I have a large data extract from Salesforce Marketing Cloud which is meant to be pipe separated. I want to put it in a tidy format in a tibble, but I'm failing to do so.
With some samples of the actual data, the following code worked well:
Sent_DATA <- read.delim("data.csv", header = TRUE, sep = "|", dec = ".")
However, when I try to process the full size file, I get a huge 1 column x 47,086,892 rows tibble, where I should have 10 columns:
ClientID|SendID|SubscriberKey|EmailAddress|SubscriberID|ListID|EventDate|EventType|BatchID|TriggeredSendExternalKey
7001222|2684596|sample@email.com|sample@email.com|158964051|1671|1/1/2016 12:26:42 PM|Sent|126|membership rfi correct
7001222|2684596|sample@email.com|sample@email.com|159039493|1671|1/4/2016 9:51:48 AM|Sent|129|membership rfi correct
7001222|2684596|sample@email.com|sample@email.com|159432435|1671|1/9/2016 1:21:51 AM|Sent|130|membership rfi correct
7001222|2684596|sample@email.com|sample@email.com|159564062|1671|1/12/2016 3:36:40 PM|Sent|136|membership rfi correct
7001222|2684597|sample@email.com|sample@email.com|159874316|1671|1/18/2016 4:56:39 PM|Sent|414|membership rfi
7001222|2684597|sample@email.com|sample@email.com|160022235|1671|1/20/2016 5:49:36 PM|Sent|418|membership rfi
- I have been told that this dataset is inconsistent, and sometimes a row does not finish with a pipe. Sometimes it does.

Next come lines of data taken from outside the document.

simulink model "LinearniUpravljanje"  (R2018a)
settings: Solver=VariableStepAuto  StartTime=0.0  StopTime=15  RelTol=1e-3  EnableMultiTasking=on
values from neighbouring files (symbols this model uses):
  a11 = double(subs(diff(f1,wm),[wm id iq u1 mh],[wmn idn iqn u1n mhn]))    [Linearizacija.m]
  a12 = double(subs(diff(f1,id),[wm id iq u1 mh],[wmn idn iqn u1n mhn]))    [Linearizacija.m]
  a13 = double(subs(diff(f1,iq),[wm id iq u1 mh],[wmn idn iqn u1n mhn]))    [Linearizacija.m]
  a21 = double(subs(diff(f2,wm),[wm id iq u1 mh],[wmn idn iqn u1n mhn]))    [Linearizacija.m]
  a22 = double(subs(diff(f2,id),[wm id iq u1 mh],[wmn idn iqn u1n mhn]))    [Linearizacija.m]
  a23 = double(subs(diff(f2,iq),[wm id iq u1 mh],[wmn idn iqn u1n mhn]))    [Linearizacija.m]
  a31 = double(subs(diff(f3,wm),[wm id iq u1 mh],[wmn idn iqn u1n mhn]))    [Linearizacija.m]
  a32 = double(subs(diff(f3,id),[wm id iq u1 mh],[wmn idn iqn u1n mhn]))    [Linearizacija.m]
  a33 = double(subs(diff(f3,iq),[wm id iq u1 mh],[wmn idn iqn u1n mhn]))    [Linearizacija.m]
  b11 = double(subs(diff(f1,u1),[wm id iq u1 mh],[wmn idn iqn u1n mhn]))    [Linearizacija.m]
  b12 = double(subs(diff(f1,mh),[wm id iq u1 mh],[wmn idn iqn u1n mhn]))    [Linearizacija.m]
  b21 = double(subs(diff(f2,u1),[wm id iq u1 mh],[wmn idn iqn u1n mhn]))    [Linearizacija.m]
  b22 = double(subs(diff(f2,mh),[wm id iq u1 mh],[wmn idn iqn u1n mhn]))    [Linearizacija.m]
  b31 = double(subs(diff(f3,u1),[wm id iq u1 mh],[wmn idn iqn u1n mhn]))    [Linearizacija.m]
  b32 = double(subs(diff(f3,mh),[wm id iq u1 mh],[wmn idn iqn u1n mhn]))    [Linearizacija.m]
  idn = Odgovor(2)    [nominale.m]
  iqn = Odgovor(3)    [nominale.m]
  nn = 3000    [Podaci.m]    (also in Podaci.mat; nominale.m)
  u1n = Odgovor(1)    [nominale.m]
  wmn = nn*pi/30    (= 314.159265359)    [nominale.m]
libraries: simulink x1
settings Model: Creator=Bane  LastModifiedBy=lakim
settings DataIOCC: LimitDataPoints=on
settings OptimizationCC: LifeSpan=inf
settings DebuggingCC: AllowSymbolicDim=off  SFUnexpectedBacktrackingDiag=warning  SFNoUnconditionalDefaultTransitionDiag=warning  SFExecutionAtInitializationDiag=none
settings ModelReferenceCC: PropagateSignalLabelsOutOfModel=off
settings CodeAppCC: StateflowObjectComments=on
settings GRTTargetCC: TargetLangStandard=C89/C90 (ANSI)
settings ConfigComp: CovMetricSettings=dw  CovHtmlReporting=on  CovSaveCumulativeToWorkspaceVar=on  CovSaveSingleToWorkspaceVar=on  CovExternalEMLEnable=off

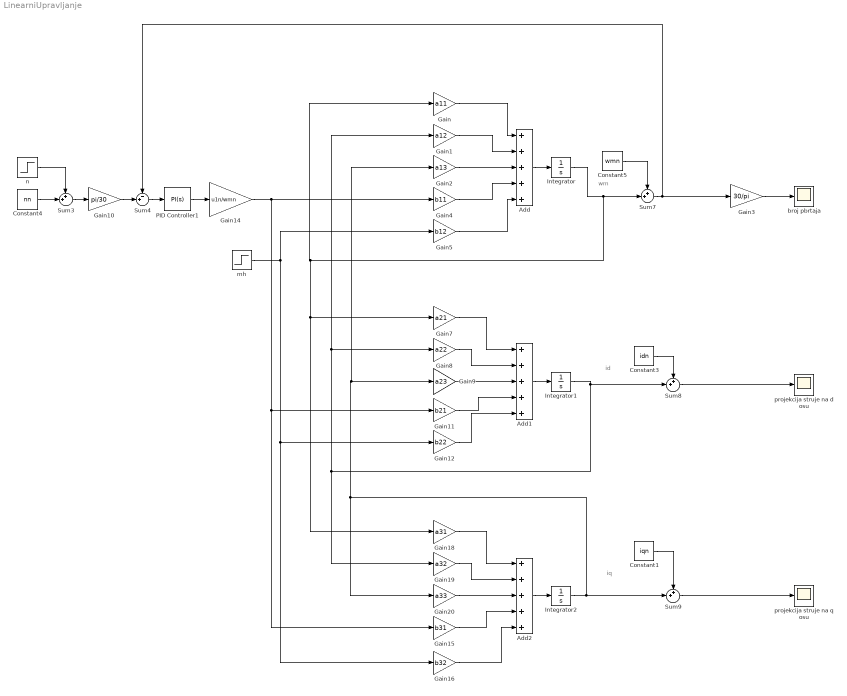
== system LinearniUpravljanje ==
  note: wm
  note: iq
  note: id
  Add : Sum  Inputs=+++++
  Add1 : Sum  Inputs=+++++
  Add2 : Sum  Inputs=+++++
  Constant1 : Constant  Value=iqn
  Constant3 : Constant  Value=idn
  Constant4 : Constant  Value=nn
  Constant5 : Constant  Value=wmn
  Gain : Gain  Gain=a11
  Gain1 : Gain  Gain=a12
  Gain10 : Gain  Gain=pi/30
  Gain11 : Gain  Gain=b21
  Gain12 : Gain  Gain=b22
  Gain14 : Gain  Gain=u1n/wmn
  Gain15 : Gain  Gain=b31
  Gain16 : Gain  Gain=b32
  Gain18 : Gain  Gain=a31
  Gain19 : Gain  Gain=a32
  Gain2 : Gain  Gain=a13
  Gain20 : Gain  Gain=a33
  Gain3 : Gain  Gain=30/pi
  Gain4 : Gain  Gain=b11
  Gain5 : Gain  Gain=b12
  Gain7 : Gain  Gain=a21
  Gain8 : Gain  Gain=a22
  Gain9 : Gain  Gain=a23
  Integrator : Integrator
  Integrator1 : Integrator
  Integrator2 : Integrator
  PID Controller1 : simulink/Continuous/PID Controller  Controller=PI  TimeDomain=Continuous-time  SampleTime=-1  IntegratorMethod=Forward Euler  FilterMethod=Forward Euler  Form=Parallel  UseFilter=on  ControllerParametersSource=internal  P=5  I=65  D=0  N=100  InitialConditionSource=internal  InitialConditionForIntegrator=0  InitialConditionForFilter=0  ExternalReset=none  LimitOutput=off  UpperSaturationLimit=inf  LowerSaturationLimit=-inf  LinearizeAsGain=on  AntiWindupMode=none  Kb=1  TrackingMode=off  Kt=1  PParamMin=[]  PParamMax=[]  IParamMin=[]  IParamMax=[]  DParamMin=[]  DParamMax=[]  NParamMin=[]  NParamMax=[]  KbParamMin=[]  KbParamMax=[]  KtParamMin=[]  KtParamMax=[]  POutMin=[]  POutMax=[]  IOutMin=[]  IOutMax=[]  DOutMin=[]  DOutMax=[]  NOutMin=[]  NOutMax=[]  KbOutMin=[]  KbOutMax=[]  KtOutMin=[]  KtOutMax=[]  IntegratorOutMin=[]  IntegratorOutMax=[]  FilterOutMin=[]  FilterOutMax=[]  SumOutMin=[]  SumOutMax=[]  SumI1OutMin=[]  SumI1OutMax=[]  SumI2OutMin=[]  SumI2OutMax=[]  SumI3OutMin=[]  SumI3OutMax=[]  SumDOutMin=[]  SumDOutMax=[]  SaturationOutMin=[]  SaturationOutMax=[]  IntegratorContinuousStateAttributes=''  IntegratorStateMustResolveToSignalObject=off  IntegratorRTWStateStorageClass=Auto  FilterContinuousStateAttributes=''  FilterStateMustResolveToSignalObject=off  FilterRTWStateStorageClass=Auto  DifferentiatorICPrevScaledInput=0  DifferentiatorOutMin=[]  DifferentiatorOutMax=[]  FilterDiffOutCoefMin=[]  FilterDiffOutCoefMax=[]  SumDenOutMin=[]  SumDenOutMax=[]  SumNumOutMin=[]  SumNumOutMax=[]  ReciprocalOutMin=[]  ReciprocalOutMax=[]  DivideOutMin=[]  DivideOutMax=[]  TunerSelectOption=Transfer Function Based (PID Tuner App)
  Sum{3,7..9} (4 alike) : Sum  Inputs=++|
  Sum4 : Sum  Inputs=-+|
  broj pbrtaja : Scope
  mh : Step  Time=6  After=0.3  SampleTime=0
  n : Step  Time=3  After=100  SampleTime=0
  projekcija struje na d osu : Scope
  projekcija struje na q osu : Scope
  wires:
  Gain4/1 -> Add/4
  Gain5/1 -> Add/5
  Gain18/1 -> Add2/1
  Gain2/1 -> Add/3
  Add2/1 -> Integrator2/1
  Integrator1/1 -> Sum8/2, Gain19/1, Gain8/1, Gain1/1
  Gain7/1 -> Add1/1
  Gain9/1 -> Add1/3
  Gain20/1 -> Add2/3
  Gain19/1 -> Add2/2
  Add/1 -> Integrator/1
  Gain/1 -> Add/1
  Gain8/1 -> Add1/2
  Gain1/1 -> Add/2
  Add1/1 -> Integrator1/1
  Integrator2/1 -> Gain2/1, Gain9/1, Gain20/1, Sum9/2
  Gain15/1 -> Add2/4
  Gain16/1 -> Add2/5
  mh/1 -> Gain5/1, Gain16/1, Gain12/1
  Gain11/1 -> Add1/4
  Gain12/1 -> Add1/5
  Integrator/1 -> Gain18/1, Gain7/1, Gain/1, Sum7/2
  Constant5/1 -> Sum7/1
  Constant3/1 -> Sum8/1
  Constant1/1 -> Sum9/1
  Sum7/1 -> Gain3/1, Sum4/1
  Sum8/1 -> projekcija struje na d osu/1
  Sum9/1 -> projekcija struje na q osu/1
  Gain3/1 -> broj pbrtaja/1
  Gain14/1 -> Gain15/1, Gain11/1, Gain4/1
  Constant4/1 -> Sum3/2
  Sum3/1 -> Gain10/1
  n/1 -> Sum3/1
  Sum4/1 -> PID Controller1/1
  PID Controller1/1 -> Gain14/1
  Gain10/1 -> Sum4/2
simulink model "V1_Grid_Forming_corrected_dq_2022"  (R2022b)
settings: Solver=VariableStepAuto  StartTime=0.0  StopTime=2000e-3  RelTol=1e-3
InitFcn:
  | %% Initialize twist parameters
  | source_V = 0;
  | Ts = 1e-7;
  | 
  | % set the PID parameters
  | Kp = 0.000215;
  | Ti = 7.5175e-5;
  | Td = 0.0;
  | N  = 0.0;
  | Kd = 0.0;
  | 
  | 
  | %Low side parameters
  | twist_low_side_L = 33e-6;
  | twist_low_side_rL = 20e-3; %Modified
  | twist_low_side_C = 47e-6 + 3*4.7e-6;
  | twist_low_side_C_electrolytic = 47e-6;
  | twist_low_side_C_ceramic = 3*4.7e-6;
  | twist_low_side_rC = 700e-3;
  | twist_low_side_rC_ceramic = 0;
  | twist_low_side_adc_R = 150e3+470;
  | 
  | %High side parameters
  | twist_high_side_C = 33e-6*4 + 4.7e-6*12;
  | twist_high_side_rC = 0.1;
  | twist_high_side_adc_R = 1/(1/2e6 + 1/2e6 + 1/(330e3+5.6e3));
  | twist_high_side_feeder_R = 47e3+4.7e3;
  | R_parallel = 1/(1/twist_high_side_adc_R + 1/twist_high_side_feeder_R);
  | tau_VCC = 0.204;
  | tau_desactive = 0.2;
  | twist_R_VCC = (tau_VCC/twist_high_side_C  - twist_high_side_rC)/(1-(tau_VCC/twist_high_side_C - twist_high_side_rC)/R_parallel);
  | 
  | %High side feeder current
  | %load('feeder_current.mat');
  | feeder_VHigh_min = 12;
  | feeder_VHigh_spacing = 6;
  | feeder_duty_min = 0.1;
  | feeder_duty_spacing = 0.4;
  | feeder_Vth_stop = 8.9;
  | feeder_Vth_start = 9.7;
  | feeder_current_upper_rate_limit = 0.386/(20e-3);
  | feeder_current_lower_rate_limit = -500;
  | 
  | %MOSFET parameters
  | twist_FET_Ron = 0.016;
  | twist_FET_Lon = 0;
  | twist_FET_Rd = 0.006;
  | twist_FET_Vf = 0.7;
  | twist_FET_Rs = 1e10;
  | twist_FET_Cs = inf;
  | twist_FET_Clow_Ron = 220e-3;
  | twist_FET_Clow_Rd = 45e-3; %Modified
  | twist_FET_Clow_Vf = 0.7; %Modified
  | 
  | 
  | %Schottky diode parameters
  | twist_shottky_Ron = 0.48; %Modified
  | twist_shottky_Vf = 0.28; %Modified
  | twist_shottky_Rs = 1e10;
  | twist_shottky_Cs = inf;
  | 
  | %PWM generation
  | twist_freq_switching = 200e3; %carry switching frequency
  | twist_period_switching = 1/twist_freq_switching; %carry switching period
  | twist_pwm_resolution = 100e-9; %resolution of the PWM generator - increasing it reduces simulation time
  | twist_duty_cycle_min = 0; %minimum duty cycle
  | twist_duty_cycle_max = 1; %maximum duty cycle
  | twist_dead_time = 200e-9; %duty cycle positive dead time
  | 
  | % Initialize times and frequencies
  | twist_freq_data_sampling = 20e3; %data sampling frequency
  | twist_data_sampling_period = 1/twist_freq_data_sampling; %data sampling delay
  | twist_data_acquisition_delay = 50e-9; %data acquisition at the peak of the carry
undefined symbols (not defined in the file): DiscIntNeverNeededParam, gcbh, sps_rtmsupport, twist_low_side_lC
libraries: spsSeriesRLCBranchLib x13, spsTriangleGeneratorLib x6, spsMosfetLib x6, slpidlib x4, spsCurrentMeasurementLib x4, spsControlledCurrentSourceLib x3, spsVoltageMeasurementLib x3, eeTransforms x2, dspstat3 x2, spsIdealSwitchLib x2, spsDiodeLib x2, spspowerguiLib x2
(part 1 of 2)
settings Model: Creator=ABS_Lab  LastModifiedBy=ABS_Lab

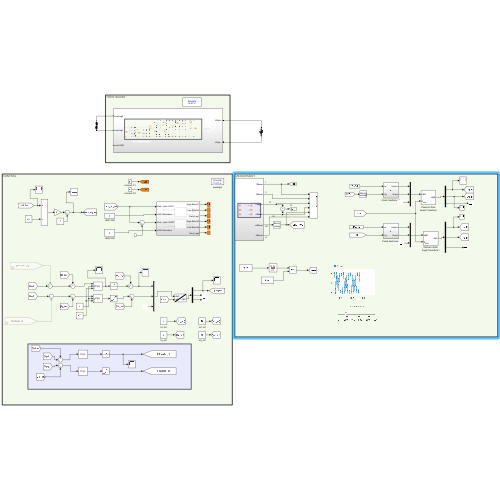
[thumbnail: Simulink's stored preview of the top-level diagram]
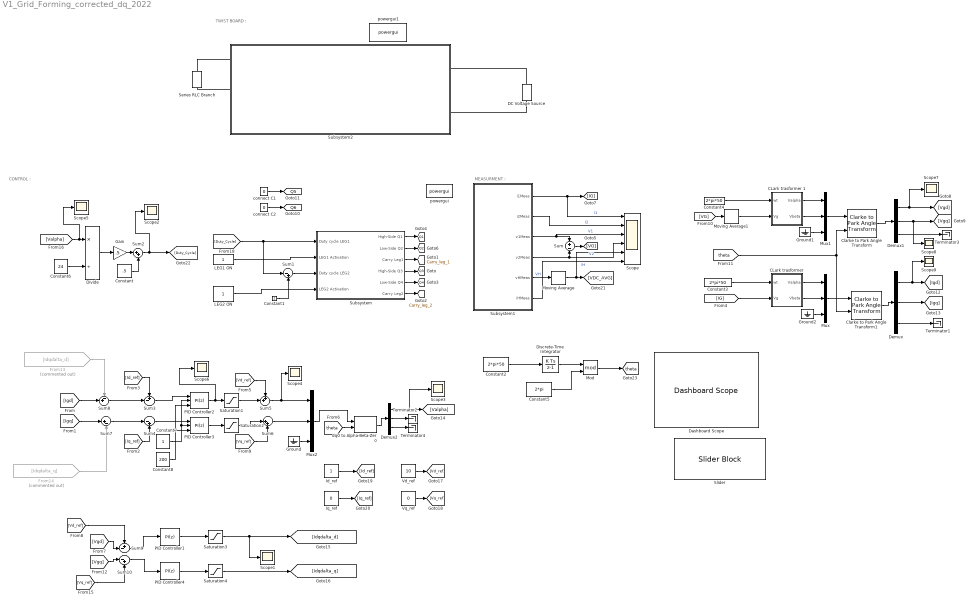
== system V1_Grid_Forming_corrected_dq_2022 ==
  note: TWIST BOARD :
  note: CONTROL :
  note: MEASURMENT :
  "CLark trasformer " : Subsystem
  CLark trasformer 1 : Subsystem
  Clarke to Park Angle Transform : eeTransforms/Clarke to Park Angle Transform  AxisAlignment=Q-axis
      settings: LibrarySourceBlock=|
      | ee_sl_lib/Mathematical
      | Transforms/Clarke to Park
      | Angle Transform
  Clarke to Park Angle Transform1 : eeTransforms/Clarke to Park Angle Transform  AxisAlignment=Q-axis
      settings: LibrarySourceBlock=|
      | ee_sl_lib/Mathematical
      | Transforms/Clarke to Park
      | Angle Transform
  Constant : Constant  Value=.5
  Constant1 : Constant
  Constant2 : Constant  Value=2*pi*50
  Constant3 : Constant  Value=2*pi*50
  Constant4 : Constant  Value=2*pi*50
  Constant5 : Constant  Value=2*pi
  Constant6 : Constant  Value=24
  Constant7 : Constant
  Constant8 : Constant  Value=200
  DC Voltage Source : spsDCVoltageSourceLib/DC Voltage Source  Amplitude=24  Measurements=None
  Dashboard Scope : DashboardScope  TimeSpan=0.080000000000000002  Ymin=-20  Ymax=20
  Demux : Demux  Outputs=3
  Demux1 : Demux  Outputs=3
  Demux2 : Demux  Outputs=3
  Discrete-Time Integrator : DiscreteIntegrator  SampleTime=-1  ICPrevOutput=DiscIntNeverNeededParam  ICPrevScaledInput=DiscIntNeverNeededParam
  Divide : Product  Inputs=*/
  From13 : From  Commented=on  GotoTag=Idqdalta_d
  From14 : From  Commented=on  GotoTag=Idqdalta_q
  Gain : Gain  Gain=.5
  Ground : Ground
  Ground1 : Ground
  Ground2 : Ground
  Id_ref : Constant
  Iq_ref : Constant  Value=0
  LEG1 ON : Constant
  LEG2 ON : Constant
  Mod : Math  Operator=mod
  Moving Average : dspstat3/Moving Average  Method=Sliding window  ForgettingFactorPort=off  SpecifyWindowLength=on  WindowLength=4  OverlapLength=3  AllowArbitraryInputLength=off  ForgettingFactor=0.9  SimulateUsing=Code generation
  Moving Average1 : dspstat3/Moving Average  Method=Sliding window  ForgettingFactorPort=off  SpecifyWindowLength=on  WindowLength=15  OverlapLength=14  AllowArbitraryInputLength=off  ForgettingFactor=0.9  SimulateUsing=Code generation
  Mux : Mux  Inputs=3
  Mux1 : Mux  Inputs=3
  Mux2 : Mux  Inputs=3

- I know that in some instances there are pipes in the string that should not be delimiters (re-exporting from Salesforce with commas is unfortunately not an option, this historical data has been deleted).
I would appreciate code snippets and suggestions that could help me to:
- Assess the issues with my data
- Isolate inconsistent rows (with more or less pipes than I should have)
- Any ideas to put my data in a tibble when the method above is not working.
- Unfortunately, I can't share the dataset (which makes it harder to get help.)
I have also tried—unsuccessfully:
Sent_DATA2 <- read.table("data.csv", header = FALSE, sep = "|")
Thank you for any help you can provide.